Plaintiffs' expert disclosure does not include an expert report by Mr. Brennan.
On January 12, 2001, Plaintiffs moved for an enlargement of the discovery deadline through and including January 31, 2001, in order to, inter alia, file a motion for production of documents and request entry upon land for inspection under Rule 34. Magistrate Judge Godich granted the motion on January 17, 2001.
On January 24, 2001, Plaintiffs' provided Defendant with a Request and Notice for Entry Upon Land for Inspection and Other Purposes. (Pls.' Sur-Reply, Ex. 12.) The request and notice were amended, and the inspection of the Embassy Suites was set for February 26, 2001. (Id., Ex. 14.) Due to the illness of Plaintiffs' expert Mr. Brennan, the site inspection was rescheduled for March 6, 2001. (Id., Exs. 20, 21, 22.)
On February 16, 2001, Defendant noticed the deposition of Plaintiffs' proffered expert, Michael H. Brennan, for March 6, 2001. (Id., Ex. 17.) The subpoena commanded him to produce "any and all reports." (Id., Ex. 18.) Mr. Brennan's deposition was rescheduled twice, finally being set for March 19, 2001. (Id., Ex. 22.) The subpoena issued for the March 19th deposition also commanded Mr. Brennan to produce "any and all reports." (Id., Ex. 23.)
On March 6, 2001, Mr. Brennan conducted an inspection of the Embassy Suites, pursuant to Plaintiffs' Rule 34 request for entry upon land. (Brennan Aff. ¶ 3.) According to Plaintiffs, he was accompanied by defense counsel as well as Joseph Courselle and other Embassy Suites management personnel, and the inspection included areas in the third floor main entrance, fourth floor lobby, pool and spa area, restaurant, common areas, fifth floor meeting rooms and accessible guest rooms.

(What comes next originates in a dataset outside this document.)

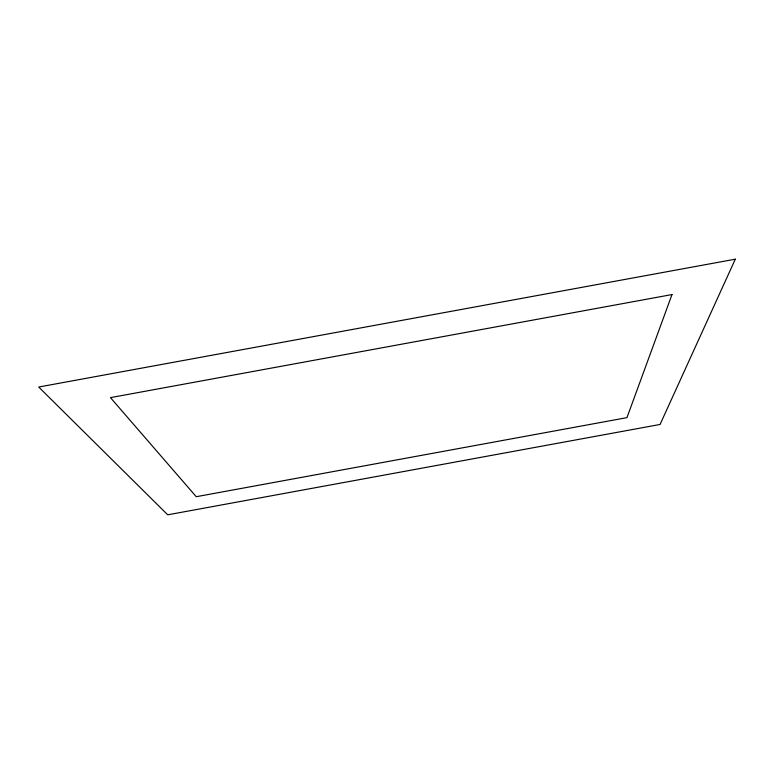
<?xml version="1.0" encoding="UTF-8"?>
<svg xmlns="http://www.w3.org/2000/svg" width="774" height="774" viewBox="0 0 774 774"><rect width="100%" height="100%" fill="white"/><g stroke="black" fill="none" stroke-linecap="round" stroke-linejoin="round"><path stroke-width="1.16" d="M671.996 294.565L626.959 417.65L196.248 496.705L110.45 397.633L671.996 294.565M735.3 259.184L660.067 424.462L167.726 514.816L38.7 387.029L735.3 259.184"/></g></svg>

Mr. Brennan's deposition ultimately was taken on March 19, 2001. He did not produce his expert report at his deposition, apparently because it had not yet been completed. Counsel inquired at the deposition when Mr. Brennan would complete his expert report:
Q. So when do you expect to have your expert report completed?
A. Oh, probably the day before trial.
Q. When?
A. Probably the day before trial.
(Brennan Dep. at 85.) At his deposition, Mr. Brennan produced a document which was referenced as a "preliminary" report. It was the same nine-page report previously provided by Plaintiffs.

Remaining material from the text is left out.